§ **To do**: The records underneath are to be printed in full and exactly, with no pictures carried over.

___ Input for this task

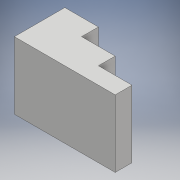
# Autodesk Inventor part: 46
Saved by Autodesk Inventor 2017 (Build 210142000, 142)
## iProperties
Part Number: 46
Material: 一般
Document SubType Name: Modeling
Designer: Brian
Density: 1 g/cm^3
Appearance: 預設
Author: Brian
Autodesk Inventor part; units mm, degrees
ref_plane "YZ Plane" through (0, 0, 0) normal (1, 0, 0) x (0, 1, 0)
ref_plane "XZ Plane" through (0, 0, 0) normal (0, 1, 0) x (-1, 0, 0)
ref_plane "XY Plane" through (0, 0, 0) normal (0, 0, 1) x (1, 0, 0)
sketch "草圖1" plane through (0, 0, 0) normal (0, 1, 0) x (-1, 0, 0)
  line L0 (0, 0) -> (-60, 0)
  line L1 (-60, 0) -> (-60, -40)
  line L2 (-60, -40) -> (0, -40)
  line L3 (0, -40) -> (0, 0)
  dimension "d0" = 60
  dimension "d1" = 40
  constraints: 8 end point, 2 parallel, 1 horizontal, 1 perpendicular
  measures "d0" distance of L1.end L2.end
  measures "d1" distance of L0.end L1.end
extrude "擠出1" add sketch "草圖1" along normal blind 10
sketch "草圖2" plane through (0, 10, 0) normal (0, 1, 0) x (1, 0, 0)
  line L0 (0, 40) -> (0, 0) projected
  line L1 (0, 0) -> (60, 0) projected
  line L2 (0, 40) -> (20, 40)
  line L3 (20, 40) -> (20, 0)
  line L4 (20, 0) -> (0, 0)
  line L5 (0, 0) -> (0, 40)
  dimension "d4" = 20
  constraints: 8 end point, 2 parallel, 1 horizontal, 1 perpendicular, 1 point on line
  measures "d4" distance between parallel lines of L0 L3
extrude "擠出2" add sketch "草圖2" along normal blind 20
sketch "草圖3" plane through (0, 10, 0) normal (0, 1, 0) x (1, 0, 0)
  line L0 (20, 0) -> (20, 40) projected
  line L1 (20, 40) -> (40, 40)
  line L2 (40, 40) -> (40, 30)
  line L3 (40, 30) -> (20, 30)
  line L4 (20, 30) -> (20, 40)
  line L5 (0, 0) -> (60, 0) projected
  line L6 (20, 0) -> (40, 0)
  line L7 (40, 0) -> (40, 10)
  line L8 (40, 10) -> (20, 10)
  line L9 (20, 10) -> (20, 0)
  dimension "d7" = 20
  dimension "d8" = 10
  dimension "d9" = 10
  constraints: 16 end point, 4 parallel, 3 point on line, 2 horizontal, 2 perpendicular
  measures "d7" distance of L7.end L8.end
  measures "d8" distance of L1.end L2.end
  measures "d9" distance of L6.end L7.end
extrude "擠出3" add sketch "草圖3" along normal blind 10

______

§ **Task result**:
# Autodesk Inventor part: 46
Saved by Autodesk Inventor 2017 (Build 210142000, 142)
## iProperties
Part Number: 46
Material: 一般
Document SubType Name: Modeling
Designer: Brian
Density: 1 g/cm^3
Appearance: 預設
Author: Brian
Autodesk Inventor part; units mm, degrees
ref_plane "YZ Plane" through (0, 0, 0) normal (1, 0, 0) x (0, 1, 0)
ref_plane "XZ Plane" through (0, 0, 0) normal (0, 1, 0) x (-1, 0, 0)
ref_plane "XY Plane" through (0, 0, 0) normal (0, 0, 1) x (1, 0, 0)
sketch "草圖1" plane through (0, 0, 0) normal (0, 1, 0) x (-1, 0, 0)
  line L0 (0, 0) -> (-60, 0)
  line L1 (-60, 0) -> (-60, -40)
  line L2 (-60, -40) -> (0, -40)
  line L3 (0, -40) -> (0, 0)
  dimension "d0" = 60
  dimension "d1" = 40
  constraints: 8 end point, 2 parallel, 1 horizontal, 1 perpendicular
  measures "d0" distance of L1.end L2.end
  measures "d1" distance of L0.end L1.end
extrude "擠出1" add sketch "草圖1" along normal blind 10
sketch "草圖2" plane through (0, 10, 0) normal (0, 1, 0) x (1, 0, 0)
  line L0 (0, 40) -> (0, 0) projected
  line L1 (0, 0) -> (60, 0) projected
  line L2 (0, 40) -> (20, 40)
  line L3 (20, 40) -> (20, 0)
  line L4 (20, 0) -> (0, 0)
  line L5 (0, 0) -> (0, 40)
  dimension "d4" = 20
  constraints: 8 end point, 2 parallel, 1 horizontal, 1 perpendicular, 1 point on line
  measures "d4" distance between parallel lines of L0 L3
extrude "擠出2" add sketch "草圖2" along normal blind 20
sketch "草圖3" plane through (0, 10, 0) normal (0, 1, 0) x (1, 0, 0)
  line L0 (20, 0) -> (20, 40) projected
  line L1 (20, 40) -> (40, 40)
  line L2 (40, 40) -> (40, 30)
  line L3 (40, 30) -> (20, 30)
  line L4 (20, 30) -> (20, 40)
  line L5 (0, 0) -> (60, 0) projected
  line L6 (20, 0) -> (40, 0)
  line L7 (40, 0) -> (40, 10)
  line L8 (40, 10) -> (20, 10)
  line L9 (20, 10) -> (20, 0)
  dimension "d7" = 20
  dimension "d8" = 10
  dimension "d9" = 10
  constraints: 16 end point, 4 parallel, 3 point on line, 2 horizontal, 2 perpendicular
  measures "d7" distance of L7.end L8.end
  measures "d8" distance of L1.end L2.end
  measures "d9" distance of L6.end L7.end
extrude "擠出3" add sketch "草圖3" along normal blind 10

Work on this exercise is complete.